Subcycling instead of solver

Semi-implicit treatment of external mode has a drawback of suboptimal parallel scalability in the limit of very small partitions. An alternative approach is to use split explicit time stepping when the external mode (elevation and vertically integrated velocity) are time stepped with a small step (subcycling), and then filtered to remove fast contributions. This option will be added in the future, and at present optimal algorithms are explored. The description of this section gives one possibility. Flux form of momentum advection is used. We take

\[\eta^n=(\overline h^{n-1/2}+\overline h^{n+1/2})/2,\]

since it provides the second-order accurate estimate.

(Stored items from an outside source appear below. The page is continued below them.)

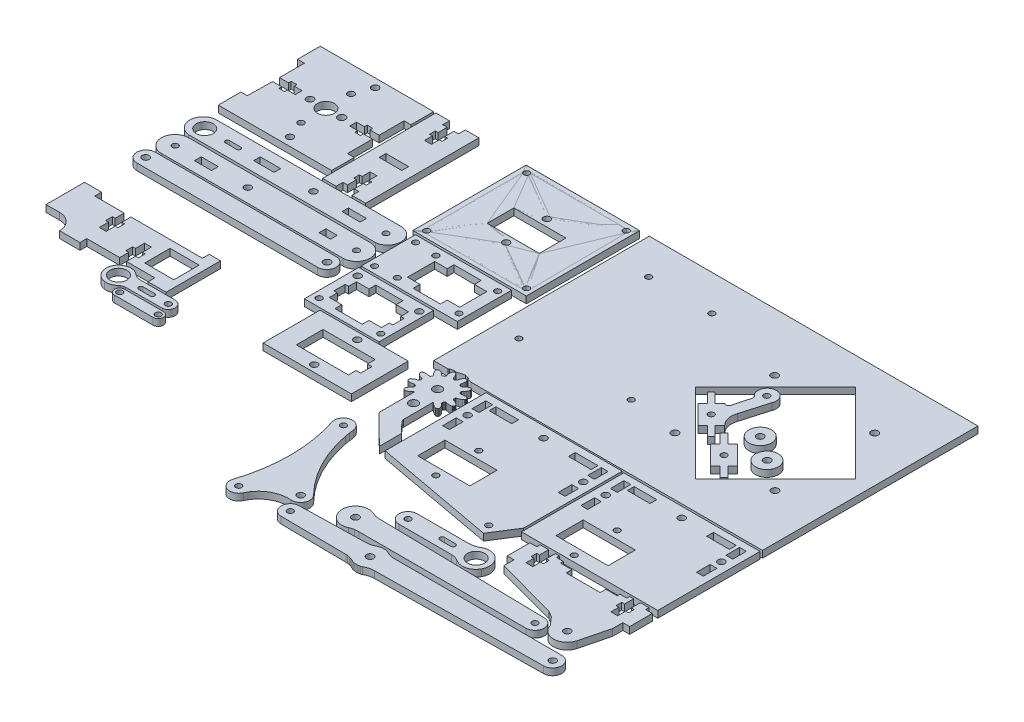
from build123d import *

# Parameters (mm, degrees)
SKETCH3_R              = 3.75
SKETCH3_R_2            = 1.53326
SKETCH3_R_3            = 1.42391285
SKETCH3_R_4            = 1.648176726
SKETCH3_R_5            = 1.5
SKETCH3_R_6            = 1.352434515
SKETCH3_R_7            = 1.489057141
BOSS_EXTRUDE1_DEPTH    = 3
SKETCH5_W              = 10
SKETCH5_H              = 3
BOSS_EXTRUDE2_DEPTH    = 3
SKETCH8_R              = 1.5
SKETCH8_R_2            = 1.500007616
SKETCH8_R_3            = 1.299978659
SKETCH8_R_4            = 1.299998754
SKETCH8_R_5            = 1.294984531
SKETCH8_R_6            = 1.2999789
SKETCH8_W              = 23
SKETCH8_H              = 11.8
BOSS_EXTRUDE3_DEPTH    = 3
SKETCH14_R             = 5.00001662
SKETCH14_R_2           = 1.550029918
BOSS_EXTRUDE5_DEPTH    = 3
SKETCH14_R_3           = 5.003976988
SKETCH14_R_4           = 1.550023427
BOSS_EXTRUDE5_2_DEPTH  = 3
SKETCH14_R_5           = 1.299993938
SKETCH14_R_6           = 1.300026864
BOSS_EXTRUDE5_3_DEPTH  = 3
SKETCH14_R_7           = 1.299969961
BOSS_EXTRUDE5_4_DEPTH  = 3
SKETCH10_W             = 145.044336183
SKETCH10_H             = 95.097461227
SKETCH10_R             = 1.550506139
SKETCH10_R_2           = 1.300168844
SKETCH10_R_3           = 1.2905
SKETCH10_R_4           = 1.55
SKETCH10_R_5           = 1.564093454
SKETCH10_R_6           = 1.556446812
BOSS_EXTRUDE4_DEPTH    = 3
SKETCH16_W             = 60.073762511
SKETCH16_H             = 45.112571339
SKETCH16_R             = 1.5
SKETCH16_R_2           = 1.2999789
SKETCH16_R_3           = 1.296234989
SKETCH16_R_4           = 1.500012067
SKETCH16_W_2           = 10
SKETCH16_H_2           = 3
SKETCH16_W_3           = 3
SKETCH16_H_3           = 6
SKETCH16_W_4           = 23
SKETCH16_H_4           = 12
BOSS_EXTRUDE6_DEPTH    = 3
SKETCH18_R             = 1.3
SKETCH18_R_2           = 3.75
BOSS_EXTRUDE7_DEPTH    = 3
SKETCH18_R_3           = 1.300013016
SKETCH18_R_4           = 1.549974532
BOSS_EXTRUDE7_2_DEPTH  = 3
SKETCH18_R_5           = 1.300006116
SKETCH18_R_6           = 1.54998491
SKETCH18_R_7           = 1.499986033
BOSS_EXTRUDE7_3_DEPTH  = 3
SKETCH18_R_8           = 1.500000462
SKETCH18_R_9           = 1.300040399
SKETCH18_R_10          = 1.299952653
BOSS_EXTRUDE7_4_DEPTH  = 3
SKETCH18_W             = 12.829032701
SKETCH18_H             = 11.189767412
BOSS_EXTRUDE7_5_DEPTH  = 3
SKETCH18_R_11          = 3.750002352
BOSS_EXTRUDE7_6_DEPTH  = 3
SKETCH18_R_12          = 1.300003796
SKETCH18_R_13          = 1.299998754
BOSS_EXTRUDE7_7_DEPTH  = 3
SKETCH18_W_2           = 42.429633814
SKETCH18_H_2           = 23.954946388
SKETCH18_R_14          = 1.298883823
SKETCH18_R_15          = 1.299997434
SKETCH18_R_16          = 1.298943094
SKETCH18_R_17          = 1.299995677
SKETCH18_R_18          = 1.2989
SKETCH18_R_19          = 1.30391221
BOSS_EXTRUDE7_8_DEPTH  = 3
SKETCH18_W_3           = 32.923456075
SKETCH18_H_3           = 23.983775616
SKETCH18_R_20          = 1.501568812
SKETCH18_R_21          = 1.29891
SKETCH18_R_22          = 1.30127611
SKETCH18_R_23          = 1.500007616
BOSS_EXTRUDE7_9_DEPTH  = 3
SKETCH18_R_24          = 3.750099942
SKETCH18_R_25          = 1.5
SKETCH18_W_4           = 8
SKETCH18_H_4           = 2.8
SKETCH18_W_5           = 9
SKETCH18_H_5           = 2.9
BOSS_EXTRUDE7_10_DEPTH = 3
SKETCH18_R_26          = 1.299997387
SKETCH18_W_6           = 7.5
SKETCH18_H_6           = 3
SKETCH18_W_7           = 5
BOSS_EXTRUDE7_11_DEPTH = 3
SKETCH18_R_27          = 1.550000311
SKETCH18_R_28          = 1.550002261
BOSS_EXTRUDE7_12_DEPTH = 3
SKETCH18_W_8           = 38.915686477
SKETCH18_H_7           = 25.075379571
BOSS_EXTRUDE7_13_DEPTH = 3
SKETCH17_R             = 1.5
BOSS_EXTRUDE8_DEPTH    = 3
SKETCH23_R             = 1.502981158
SKETCH23_R_2           = 1.299837753
SKETCH23_R_3           = 1.299813959
SKETCH23_R_4           = 1.311183002
SKETCH23_R_5           = 1.5
SKETCH23_W             = 10
SKETCH23_H             = 3
SKETCH23_W_2           = 3
SKETCH23_H_2           = 6
SKETCH23_W_3           = 23
SKETCH23_H_3           = 12
BOSS_EXTRUDE9_DEPTH    = 3
SKETCH27_R             = 10.542052595
BOSS_EXTRUDE13_DEPTH   = 3
CUT_EXTRUDE5_START     = -1
CUT_EXTRUDE5_DEPTH     = 348.879953887
CIRPATTERN1_COUNT      = 12
SKETCH28_R             = 1.9
BOSS_EXTRUDE14_DEPTH   = 3
SKETCH29_R             = 1.9
CUT_EXTRUDE6_DEPTH     = 3
SKETCH30_W             = 50.052698669
SKETCH30_H             = 49.917064019
SKETCH30_R             = 1.295977319
SKETCH30_R_2           = 1.498315826
SKETCH30_R_3           = 1.299978659
SKETCH30_R_4           = 1.493585645
SKETCH30_R_5           = 1.298054303
SKETCH30_R_6           = 1.295949613
SKETCH30_W_2           = 23.14749428
SKETCH30_H_2           = 11.799314187
BOSS_EXTRUDE15_DEPTH   = 3


with BuildPart() as part:
    # Sketch3 → Boss-Extrude1 (new body)
    with BuildSketch(Plane(origin=(0, 0, 0), x_dir=(1, 0, 0), z_dir=(0, 1, 0))):
        Polygon((0, 0), (50, 0), (50, -10), (47, -10), (47, -21), (43, -21), (43, -19.82589), (40.5, -19.75), (40.5, -21), (37, -21), (37, -24), (40.5, -24), (40.5, -25.274955495), (43, -25.25), (43, -24), (47, -24), (47, -35), (50, -35), (50, -45), (0, -45), (0, -35), (2.827127063, -35), (3, -24), (7, -24), (7, -25.274955495), (9.5, -25.17411), (9.5, -24), (13, -24), (13, -21), (9.5, -21), (9.5, -19.82589), (7, -19.82589), (7, -21), (3, -21), (3, -10), (0, -10), align=None)
        with Locations((25, -22.499992494)):
            Circle(SKETCH3_R, mode=Mode.SUBTRACT)
        with Locations((18, -22.5)):
            Circle(SKETCH3_R_2, mode=Mode.SUBTRACT)
        with Locations((24.990375, -11.417625)):
            Circle(SKETCH3_R_3, mode=Mode.SUBTRACT)
        with Locations((31.950646971, -22.511932172)):
            Circle(SKETCH3_R_4, mode=Mode.SUBTRACT)
        with Locations((28, -3.75)):
            Circle(SKETCH3_R_5, mode=Mode.SUBTRACT)
        with Locations((25, -33.494077682)):
            Circle(SKETCH3_R_6, mode=Mode.SUBTRACT)
        with Locations((27.986369291, -41.339428739)):
            Circle(SKETCH3_R_7, mode=Mode.SUBTRACT)
    extrude(amount=BOSS_EXTRUDE1_DEPTH)


with BuildPart() as body_2:
    # Sketch5 → Boss-Extrude2 (new body)
    with BuildSketch(Plane(origin=(0, 0, 0), x_dir=(1, 0, 0), z_dir=(0, 1, 0))):
        Polygon((57, 0), (57, -3), (59, -3), (59, -7), (57.75, -7), (57.75, -9.5), (59, -9.5), (59, -13), (62, -13), (62, -9.5), (63.25, -9.5), (63.25, -7), (62, -7), (62, -3), (64, -3), (64, 0), (70, 0), (70, -50), (64, -50), (64, -47), (62, -47), (62, -43), (63.25, -43), (63.25, -40.5), (62, -40.5), (62, -37), (59, -37), (59, -40.5), (57.75, -40.5), (57.75, -43), (59, -43), (59, -47), (57, -47), (57, -50), (51, -50), (51, 0), align=None)
        with Locations((60.5, -28)):
            Rectangle(SKETCH5_W, SKETCH5_H, mode=Mode.SUBTRACT)
    extrude(amount=BOSS_EXTRUDE2_DEPTH)


with BuildPart() as body_3:
    # Sketch8 → Boss-Extrude3 (new body)
    with BuildSketch(Plane(origin=(0, 0, 0), x_dir=(1, 0, 0), z_dir=(0, 1, 0))):
        Polygon((90.835790983, -0.1468305), (90.835790983, -49.979936215), (140.829753359, -49.979936215), (140.829753359, 0), align=None)
        with Locations((116, -16.000034227)):
            Circle(SKETCH8_R, mode=Mode.SUBTRACT)
        with Locations((116, -34)):
            Circle(SKETCH8_R_2, mode=Mode.SUBTRACT)
        with Locations((138, -3)):
            Circle(SKETCH8_R_3, mode=Mode.SUBTRACT)
        with Locations((94, -47)):
            Circle(SKETCH8_R_4, mode=Mode.SUBTRACT)
        with Locations((93.972384297, -2.870240899)):
            Circle(SKETCH8_R_5, mode=Mode.SUBTRACT)
        with Locations((138, -47)):
            Circle(SKETCH8_R_6, mode=Mode.SUBTRACT)
        with Locations((116, -25)):
            Rectangle(SKETCH8_W, SKETCH8_H, mode=Mode.SUBTRACT)
    extrude(amount=BOSS_EXTRUDE3_DEPTH)


with BuildPart() as body_4:
    # Sketch14 → Boss-Extrude5 (new body)
    with BuildSketch(Plane(origin=(0, 0, 0), x_dir=(1, 0, 0), z_dir=(0, 1, 0))):
        with Locations((246.15535, -52.035605)):
            Circle(SKETCH14_R)
        with Locations((246.15535, -52.035605)):
            Circle(SKETCH14_R_2, mode=Mode.SUBTRACT)
    extrude(amount=BOSS_EXTRUDE5_DEPTH)


with BuildPart() as body_5:
    # Sketch14 → Boss-Extrude5 2 (new body)
    with BuildSketch(Plane(origin=(0, 0, 0), x_dir=(1, 0, 0), z_dir=(0, 1, 0))):
        with Locations((256.781771683, -59.687732945)):
            Circle(SKETCH14_R_3)
        with Locations((256.82285, -59.64665)):
            Circle(SKETCH14_R_4, mode=Mode.SUBTRACT)
    extrude(amount=BOSS_EXTRUDE5_2_DEPTH)


with BuildPart() as body_6:
    # Sketch14 → Boss-Extrude5 3 (new body)
    with BuildSketch(Plane(origin=(0, 0, 0), x_dir=(1, 0, 0), z_dir=(0, 1, 0))):
        with BuildLine():
            Line((234.1407, -55.70278), (232.0194, -57.8241))
            Line((232.0194, -57.8241), (236.262, -62.06674))
            Line((236.262, -62.06674), (234.565, -63.7638))
            Line((234.565, -63.7638), (230.3223, -59.52115))
            Line((230.3223, -59.52115), (228.201, -61.64247))
            Line((228.201, -61.64247), (219.7157, -53.15719))
            Line((219.7157, -53.15719), (221.837, -51.03587))
            Line((221.837, -51.03587), (217.5944, -46.79323))
            Line((217.5944, -46.79323), (219.2915, -45.09618))
            Line((219.2915, -45.09618), (223.5341, -49.33882))
            Line((223.5341, -49.33882), (225.6554, -47.2175))
            ThreePointArc((225.6554, -47.2175), (227.096966061, -47.504240019), (227.913545624, -46.282139221))
            Line((227.913545624, -46.282139221), (229.7551, -39.43538))
            Line((229.7551, -39.43538), (229.7551, -38.198592891))
            ThreePointArc((229.7551, -38.198592891), (231.075391639, -31.018520336), (235.828906167, -36.559342615))
            Line((235.828906167, -36.559342615), (232.44365, -48.27816))
            ThreePointArc((232.44365, -48.27816), (232.223292436, -52.234785151), (234.1407, -55.70278))
        make_face()
        with Locations((232.1046, -35.11147)):
            Circle(SKETCH14_R_5, mode=Mode.SUBTRACT)
        with Locations((226.9282, -54.429985)):
            Circle(SKETCH14_R_6, mode=Mode.SUBTRACT)
    extrude(amount=BOSS_EXTRUDE5_3_DEPTH)


with BuildPart() as body_7:
    # Sketch14 → Boss-Extrude5 4 (new body)
    with BuildSketch(Plane(origin=(0, 0, 0), x_dir=(1, 0, 0), z_dir=(0, 1, 0))):
        Polygon((244.0402, -59.94542), (252.5255, -68.4307), (250.4042, -70.55202), (254.6468, -74.79466), (252.9497, -76.49172), (248.7071, -72.24908), (246.5858, -74.3704), (238.1005, -65.88512), (240.2218, -63.7638), (235.9792, -59.52115), (237.6762, -57.8241), (241.9189, -62.06674), align=None)
        with Locations((245.313, -67.157905)):
            Circle(SKETCH14_R_7, mode=Mode.SUBTRACT)
    extrude(amount=BOSS_EXTRUDE5_4_DEPTH)


with BuildPart() as body_8:
    # Sketch10 → Boss-Extrude4 (new body)
    with BuildSketch(Plane(origin=(0, 0, 0), x_dir=(1, 0, 0), z_dir=(0, 1, 0))):
        with Locations((217.677521451, -47.548730614)):
            Rectangle(SKETCH10_W, SKETCH10_H)
        with Locations((226.009129523, -25.539997746)):
            Circle(SKETCH10_R, mode=Mode.SUBTRACT)
        with Locations((188.502678827, -15.722061434)):
            Circle(SKETCH10_R_2, mode=Mode.SUBTRACT)
        with Locations((160.602678827, -15.722061434)):
            Circle(SKETCH10_R_2, mode=Mode.SUBTRACT)
        with Locations((155.5, -67.875)):
            Circle(SKETCH10_R_3, mode=Mode.SUBTRACT)
        with Locations((203.702678827, -66.522061434)):
            Circle(SKETCH10_R_2, mode=Mode.SUBTRACT)
        with Locations((226, -69.5)):
            Circle(SKETCH10_R_4, mode=Mode.SUBTRACT)
        with Locations((270.124359095, -25.491820621)):
            Circle(SKETCH10_R_5, mode=Mode.SUBTRACT)
        with Locations((270.107264834, -69.483321735)):
            Circle(SKETCH10_R_6, mode=Mode.SUBTRACT)
        Polygon((248.173093133, -12.095839846), (283.382605742, -47.305352454), (248.173093133, -82.514865063), (212.963580525, -47.305352454), align=None, mode=Mode.SUBTRACT)
    extrude(amount=BOSS_EXTRUDE4_DEPTH)

    # Sketch27 → Boss-Extrude13 (add)
    with BuildSketch(Plane(origin=(0, 0, 0), x_dir=(1, 0, 0), z_dir=(0, 1, 0))):
        with Locations((156.933289023, -105.157126991)):
            Circle(SKETCH27_R)
    extrude(amount=BOSS_EXTRUDE13_DEPTH)

    # Sketch24 → Cut-Extrude5 (cut)
    with BuildSketch(Plane(origin=(0, 0, 0), x_dir=(1, 0, 0), z_dir=(0, 1, 0)).offset(CUT_EXTRUDE5_START)):
        Polygon((146.295463365, -102.258026196), (146.734120528, -102.514029645), (146.734120528, -102.846697253), (146.8825, -103.1532), (147.0178, -103.3192), (147.4553, -103.675), (147.9381, -103.9665), (148.4567, -104.1881), (149.001, -104.3353), (149.2258, -104.4129), (149.421, -104.5485), (149.572, -104.7322), (149.6674, -104.9499), (149.6674, -105.086518838), (149.6674, -105.35931762), (149.6674, -105.57468508), (149.421, -105.8223), (149.1134, -105.957095774), (148.843969569, -106.075164966), (148.4567, -106.1828), (147.9381, -106.4044), (147.4553, -106.723311534), (147.0178, -107.0517), (146.8825, -107.2176), (146.7646, -107.6252), (146.7905, -107.8378), (146.387479964, -107.886897925), (145.400373324, -104.3353), (145.873599656, -102.6992775), align=None)
    cut_extrude5 = extrude(amount=CUT_EXTRUDE5_DEPTH, mode=Mode.SUBTRACT)

    # CirPattern1: Cut-Extrude5 ×12 about axis
    cirpattern1_axis = Axis((156.933289023, 3, 105.157126991), (0, -1, 0))
    for i in range(1, CIRPATTERN1_COUNT):
        add(cut_extrude5.rotate(cirpattern1_axis, i * 360 / CIRPATTERN1_COUNT), mode=Mode.SUBTRACT)

    # Sketch28 → Boss-Extrude14 (add)
    with BuildSketch(Plane(origin=(0, 0, 0), x_dir=(1, 0, 0), z_dir=(0, 1, 0))):
        Polygon((165.897383159, -139.82250261), (165.897383159, -130.125905708), (161.277, -125.2548), (160.9869, -124.3621), (160.927849447, -111.240792422), (152.884646942, -111.319726794), (152.884646942, -126.99508265), align=None)
        with Locations((156.95902597, -115.808287016)):
            Circle(SKETCH28_R, mode=Mode.SUBTRACT)
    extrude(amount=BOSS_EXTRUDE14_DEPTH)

An easiest approach is to run subcycles between time levels \(n\) and \(n+2\), with subsequent averaging to level \(n+1\).

The contribution from the elevation \(\eta^n\) is kept in the predicting \(\Delta \tilde{\bf U}\) because it also incorporates the implicit solve for vertical viscosity. Then the compensation term with \(\eta^n\) appears in (35) below. This can be avoided if implicit vertical viscosity substep is moved to the end of velocity step.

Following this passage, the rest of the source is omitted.